Economic theory holds that an increase in the cost of a good will always diminish demand, all other things remaining equal. In recent weeks, researchers at the University of Montana have been trying to determine the extent to which that applies to entrance at some of the most beautiful, protected vistas in the country.
The National Park Service is predicting that any decrease in visitation due to a proposal to raise entrance fees will be more than offset by the 133 percent increase those who do come will pay to enter the park.
A new report from the Montana Institute for Tourism and Recreation Research at the University of Montana reinforces that notion, but also lends credence to the concern that it could create problems for doorstep communities.
“It is likely a fair assumption on behalf of the NPS that the directional change of the revenue from entrance fees will be positive,” the report reads. “However, revenue to the parks is only a portion of the economic picture.”
The National Park Service faces a $12 billion maintenance backlog, and in an effort to erase that the Department of the Interior, run by former Montana Congressman Ryan Zinke, has proposed raising entrance fees to the park from $30 to $70 for a seven-day, single-car pass. The researches say the Park Service will almost surely see an increase in revenue, but that increase could be less than the decrease area businesses are going to see due to the lower numbers of visitors.
The findings from the recent study are two-fold. First, the fee increase will do much more to dissuade locals from entering the park than non-locals. Since the entire cost of their trip is much lower when visitors simply drive a few hours, the $40 increase represents a much larger change than for out-of-staters who are already spending thousands on plane tickets, car rentals and lodging.

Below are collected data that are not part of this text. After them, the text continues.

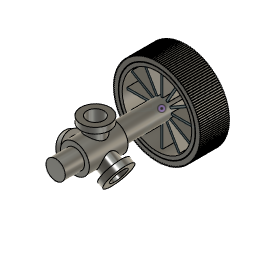
Inner Rotor Generator + Hub (Autodesk Fusion 360 design; units mm, degrees)
Autodesk Fusion 360 part; units mm, degrees
(part 1 of 2)
sketch "Sketch1" plane through (0, 0, 0) normal (0, 1, 0) x (1, 0, 0) in component "Inner Rotor Generator"
  circle A0 centre (0, 0) radius 4500
  circle A1 centre (0, 0) radius 4000
  circle A2 centre (0, 0) radius 1000
  circle A3 centre (0, 0) radius 3950
  circle A4 centre (0, 0) radius 3600
  line L0 (-100, -900) -> (100, -900)
  line L1 (100, -900) -> (100, -3700)
  line L2 (100, -3700) -> (-100, -3700)
  line L3 (-100, -3700) -> (-100, -900)
  line L4 (20.1805, -4430.0009) -> (-19.8217, -4429.9984)
  line L5 (-19.8217, -4429.9984) -> (-19.8172, -4499.9564)
  line L6 (20.176, -4499.9548) -> (20.1805, -4430.0009)
  line L7 (-19.8172, -4499.9564) -> (20.176, -4499.9548)
  line L8 (165.7048, -4426.9426) -> (168.6388, -4496.839)
  line L9 (168.6388, -4496.839) -> (208.5969, -4495.1627)
  line L10 (208.5969, -4495.1627) -> (205.6719, -4425.27)
  line L11 (205.6719, -4425.27) -> (165.7048, -4426.9426)
  line L12 (350.9405, -4416.1204) -> (356.7989, -4485.8326)
  line L13 (356.7989, -4485.8326) -> (396.6518, -4482.4845)
  line L14 (396.6518, -4482.4845) -> (390.8026, -4412.7756)
  line L15 (390.8026, -4412.7756) -> (350.9405, -4416.1204)
  line L16 (535.5606, -4397.5508) -> (544.3331, -4466.9566)
  line L17 (544.3331, -4466.9566) -> (584.0108, -4461.9426)
  line L18 (584.0108, -4461.9426) -> (575.2477, -4392.5398)
  line L19 (575.2477, -4392.5398) -> (535.5606, -4397.5508)
  line L20 (719.2411, -4371.2665) -> (730.9124, -4440.244)
  line L21 (730.9124, -4440.244) -> (770.3453, -4433.5728)
  line L22 (770.3453, -4433.5728) -> (758.6836, -4364.5979)
  line L23 (758.6836, -4364.5979) -> (719.2411, -4371.2665)
  line L24 (901.6599, -4337.3135) -> (916.2094, -4405.7417)
  line L25 (916.2094, -4405.7417) -> (955.3283, -4397.4251)
  line L26 (955.3283, -4397.4251) -> (940.7885, -4328.999)
  line L27 (940.7885, -4328.999) -> (901.6599, -4337.3135)
  line L28 (1082.4968, -4295.7513) -> (1099.899, -4363.5103)
  line L29 (1099.899, -4363.5103) -> (1138.6354, -4353.5628)
  line L30 (1138.6354, -4353.5628) -> (1121.2429, -4285.8056)
  line L31 (1121.2429, -4285.8056) -> (1082.4968, -4295.7513)
  line L32 (1261.4347, -4246.6529) -> (1281.6591, -4313.6238)
  line L33 (1281.6591, -4313.6238) -> (1319.9449, -4302.0629)
  line L34 (1319.9449, -4302.0629) -> (1299.7303, -4235.0935)
  line L35 (1299.7303, -4235.0935) -> (1261.4347, -4246.6529)
  line L36 (1438.1596, -4190.1045) -> (1461.1707, -4256.1697)
  line L37 (1461.1707, -4256.1697) -> (1498.9388, -4243.0157)
  line L38 (1498.9388, -4243.0157) -> (1475.9375, -4176.9515)
  line L39 (1475.9375, -4176.9515) -> (1438.1596, -4190.1045)
  line L40 (1612.3614, -4126.2052) -> (1638.1189, -4191.2488)
  line L41 (1638.1189, -4191.2488) -> (1675.303, -4176.5248)
  line L42 (1675.303, -4176.5248) -> (1649.5554, -4111.4818)
  line L43 (1649.5554, -4111.4818) -> (1612.3614, -4126.2052)
  line L44 (1783.7346, -4055.0671) -> (1812.1932, -4118.9751)
  line L45 (1812.1932, -4118.9751) -> (1848.7282, -4102.7069)
  line L46 (1848.7282, -4102.7069) -> (1820.2795, -4038.7991)
  line L47 (1820.2795, -4038.7991) -> (1783.7346, -4055.0671)
  line L48 (1951.9786, -3976.8151) -> (1983.0884, -4039.4753)
  line L49 (1983.0884, -4039.4753) -> (2018.9101, -4021.6914)
  line L50 (2018.9101, -4021.6914) -> (1987.8101, -3959.031)
  line L51 (1987.8101, -3959.031) -> (1951.9786, -3976.8151)
  line L52 (2116.7981, -3891.5864) -> (2150.5046, -3952.8888)
  line L53 (2150.5046, -3952.8888) -> (2185.5501, -3933.6205)
  line L54 (2185.5501, -3933.6205) -> (2151.8535, -3872.3174)
  line L55 (2151.8535, -3872.3174) -> (2116.7981, -3891.5864)
  line L56 (2277.904, -3799.5305) -> (2314.148, -3859.3677)
  line L57 (2314.148, -3859.3677) -> (2348.356, -3838.6488)
  line L58 (2348.356, -3838.6488) -> (2312.1218, -3778.8104)
  line L59 (2312.1218, -3778.8104) -> (2277.904, -3799.5305)
  line L60 (2435.0137, -3700.8089) -> (2473.7317, -3759.0759)
  line L61 (2473.7317, -3759.0759) -> (2507.042, -3736.9427)
  line L62 (2507.042, -3736.9427) -> (2468.3338, -3678.6742)
  line L63 (2468.3338, -3678.6742) -> (2435.0137, -3700.8089)
  line L64 (2587.8516, -3595.5949) -> (2628.9755, -3652.1894)
  line L65 (2628.9755, -3652.1894) -> (2661.3298, -3628.6807)
  line L66 (2661.3298, -3628.6807) -> (2620.2156, -3572.0843)
  line L67 (2620.2156, -3572.0843) -> (2587.8516, -3595.5949)
  line L68 (2736.1495, -3484.073) -> (2779.6073, -3538.8958)
  line L69 (2779.6073, -3538.8958) -> (2810.9487, -3514.0528)
  line L70 (2810.9487, -3514.0528) -> (2767.5005, -3459.2277)
  line L71 (2767.5005, -3459.2277) -> (2736.1495, -3484.073)
  line L72 (2879.6473, -3366.4388) -> (2925.3627, -3419.3937)
  line L73 (2925.3627, -3419.3937) -> (2955.6363, -3393.2601)
  line L74 (2955.6363, -3393.2601) -> (2909.9304, -3340.3025)
  line L75 (2909.9304, -3340.3025) -> (2879.6473, -3366.4388)
  line L76 (3018.0932, -3242.8987) -> (3065.986, -3293.8928)
  line L77 (3065.986, -3293.8928) -> (3095.1387, -3266.5144)
  line L78 (3095.1387, -3266.5144) -> (3047.2552, -3215.5172)
  line L79 (3047.2552, -3215.5172) -> (3018.0932, -3242.8987)
  line L80 (3151.2443, -3113.6695) -> (3201.2305, -3162.6133)
  line L81 (3201.2305, -3162.6133) -> (3229.2112, -3134.0382)
  line L82 (3229.2112, -3134.0382) -> (3179.2342, -3085.0909)
  line L83 (3179.2342, -3085.0909) -> (3151.2443, -3113.6695)
  line L84 (3278.8671, -2978.9779) -> (3330.859, -3025.7856)
  line L85 (3330.859, -3025.7856) -> (3357.6185, -2996.0637)
  line L86 (3357.6185, -2996.0637) -> (3305.6356, -2949.2522)
  line L87 (3305.6356, -2949.2522) -> (3278.8671, -2978.9779)
  line L88 (3400.7376, -2839.0601) -> (3454.644, -2883.6496)
  line L89 (3454.644, -2883.6496) -> (3480.1354, -2852.8332)
  line L90 (3480.1354, -2852.8332) -> (3426.2379, -2808.2395)
  line L91 (3426.2379, -2808.2395) -> (3400.7376, -2839.0601)
  line L92 (3516.6421, -2694.1617) -> (3572.3684, -2736.4546)
  line L93 (3572.3684, -2736.4546) -> (3596.547, -2704.5979)
  line L94 (3596.547, -2704.5979) -> (3540.8294, -2662.3003)
  line L95 (3540.8294, -2662.3003) -> (3516.6421, -2694.1617)
  line L96 (3626.3772, -2544.5368) -> (3683.8257, -2584.459)
  line L97 (3683.8257, -2584.459) -> (3706.649, -2551.6177)
  line L98 (3706.649, -2551.6177) -> (3649.209, -2511.6905)
  line L99 (3649.209, -2511.6905) -> (3626.3772, -2544.5368)
  line L100 (3729.7503, -2390.4479) -> (3788.8202, -2427.9294)
  line L101 (3788.8202, -2427.9294) -> (3810.2483, -2394.1612)
  line L102 (3810.2483, -2394.1612) -> (3751.1867, -2356.6743)
  line L103 (3751.1867, -2356.6743) -> (3729.7503, -2390.4479)
  line L104 (3826.5803, -2232.1653) -> (3887.1679, -2267.1404)
  line L105 (3887.1679, -2267.1404) -> (3907.1632, -2232.5044)
  line L106 (3907.1632, -2232.5044) -> (3846.5836, -2197.5237)
  line L107 (3846.5836, -2197.5237) -> (3826.5803, -2232.1653)
  line L108 (3916.6971, -2069.9668) -> (3978.6962, -2102.374)
  line L109 (3978.6962, -2102.374) -> (3997.2235, -2066.9311)
  line L110 (3997.2235, -2066.9311) -> (3935.2322, -2034.5179)
  line L111 (3935.2322, -2034.5179) -> (3916.6971, -2069.9668)
  line L112 (3999.9427, -1904.1368) -> (4063.2445, -1933.9194)
  line L113 (4063.2445, -1933.9194) -> (4080.2713, -1897.7317)
  line L114 (4080.2713, -1897.7317) -> (4016.9771, -1867.9428)
  line L115 (4016.9771, -1867.9428) -> (3999.9427, -1904.1368)
  line L116 (4076.1711, -1734.9663) -> (4140.6645, -1762.072)
  line L117 (4140.6645, -1762.072) -> (4156.161, -1725.2031)
  line L118 (4156.161, -1725.2031) -> (4091.6749, -1698.0908)
  line L119 (4091.6749, -1698.0908) -> (4076.1711, -1734.9663)
  line L120 (4145.2484, -1562.7521) -> (4210.8203, -1587.1333)
  line L121 (4210.8203, -1587.1333) -> (4224.7594, -1549.6478)
  line L122 (4224.7594, -1549.6478) -> (4159.1944, -1525.2597)
  line L123 (4159.1944, -1525.2597) -> (4145.2484, -1562.7521)
  line L124 (4207.0536, -1387.7964) -> (4273.589, -1409.4103)
  line L125 (4273.589, -1409.4103) -> (4285.946, -1371.3739)
  line L126 (4285.946, -1371.3739) -> (4219.4174, -1349.7528)
  line L127 (4219.4174, -1349.7528) -> (4207.0536, -1387.7964)
  line L128 (4261.4782, -1210.4059) -> (4328.8603, -1229.2146)
  line L129 (4328.8603, -1229.2146) -> (4339.6137, -1190.6942)
  line L130 (4339.6137, -1190.6942) -> (4272.238, -1171.878)
  line L131 (4272.238, -1171.878) -> (4261.4782, -1210.4059)
  line L132 (4308.4267, -1030.892) -> (4376.5373, -1046.8626)
  line L133 (4376.5373, -1046.8626) -> (4385.6682, -1007.9256)
  line L134 (4385.6682, -1007.9256) -> (4317.5637, -991.9473)
  line L135 (4317.5637, -991.9473) -> (4308.4267, -1030.892)
  line L136 (4347.8167, -849.5695) -> (4416.5364, -862.6739)
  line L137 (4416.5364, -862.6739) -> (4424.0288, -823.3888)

Jeremy Sage, economist and associate director at the tourism institute and lead author of the study, said they crunched the numbers for Glacier National Park and found that for every 10 percent increase in the total cost of the trip, they expected visitation numbers to decrease by about 2.4 percent. That number takes into account much more than just the entry fee, including things like gas, lodging and food, but the fee increases will constitute a direct impact.
He said when the Park Service announced the fee proposal to raise funds to address the maintenance backlog, it immediately caught the attention of him and his colleagues.
“That sent up some pretty significant red flags right away,” Sage said.
The report uses Yellowstone National Park and its gateway communities for a case study, but said the results will likely have relevance on the doorsteps of all 17 of the parks included under the fee proposal.
The change in total trip cost for local visitors, defined in the report as those hailing from Idaho, Montana and Wyoming, will be 37.6 percent. The change for non-locals from the elsewhere in the U.S. and Canada will be a more tolerable 13.9 percent. Other international visitors will see an average change in cost of less than 1 percent for their entire trip.
The report projects the changes in trip cost will lead to a 2.98 percent decline in local visitors, a 1.1 percent decline in non-local U.S. and Canada visitors and a 0.07 percent decline for other international visitors. Overall, a 1.2 percent dip in traffic due to the cost increases is projected.
Second, and perhaps more importantly, the fee increase is likely to raise millions for the National Park Service but sap millions from the economy of private businesses built up around the park entrance.
Fewer visitors and more revenue is a perfect situation for the impact on the park, but fewer visitors will lead to less revenue for gateway businesses.
“There is no upside financially for those communities, at least right away,” Sage said.
He also noted that some argue over the long run it could have a positive impact if the extra money raised by the increased fees is used on additional infrastructure that leads to even more visitors. However, such prognosticating was merely speculation, he said, and any such effects would take years to manifest.
The report projects that the dip in visitors would lead to approximately 0.6 percent less revenue for the local economy in Yellowstone, which amounts there to about $3.4 million. The report also said the other parks, including Glacier, would see similar declines.
Those losses only take into account the changes to the seven-day pass, but not the changes to the motorcycle fees, foot or bike entry fees and park-specific annual entry passes. The report concludes that if all those factors are combined, total spending losses to the surrounding communities could be even greater than revenue gains for the park.
Sage said it is important to note that they are not predicting a lower visitation year for the park next year compared to last. Rather, they are identifying the relationship between trip cost and visitor attendance. The estimated decreases would be better considered as the difference between what the 2018 numbers would have been without the price increases, and what they will be if the price increases take effect.
“We’re not forecasting, we are just identifying the relationship between this one piece and another piece,” Sage said, referencing total trip cost for visitors and park attendance numbers.
The report also noted that in other national park programs around the globe, it is common to have a different pricing structure for the country’s citizens and non-citizens. Sometimes the difference is drastic, but it has generally had little impact on numbers of international visitors because they are choosing to visit the area at great cost anyways. In a survey of about 50 countries around the globe, the UM research team found that around three-quarters had different prices for domestic and international visitors.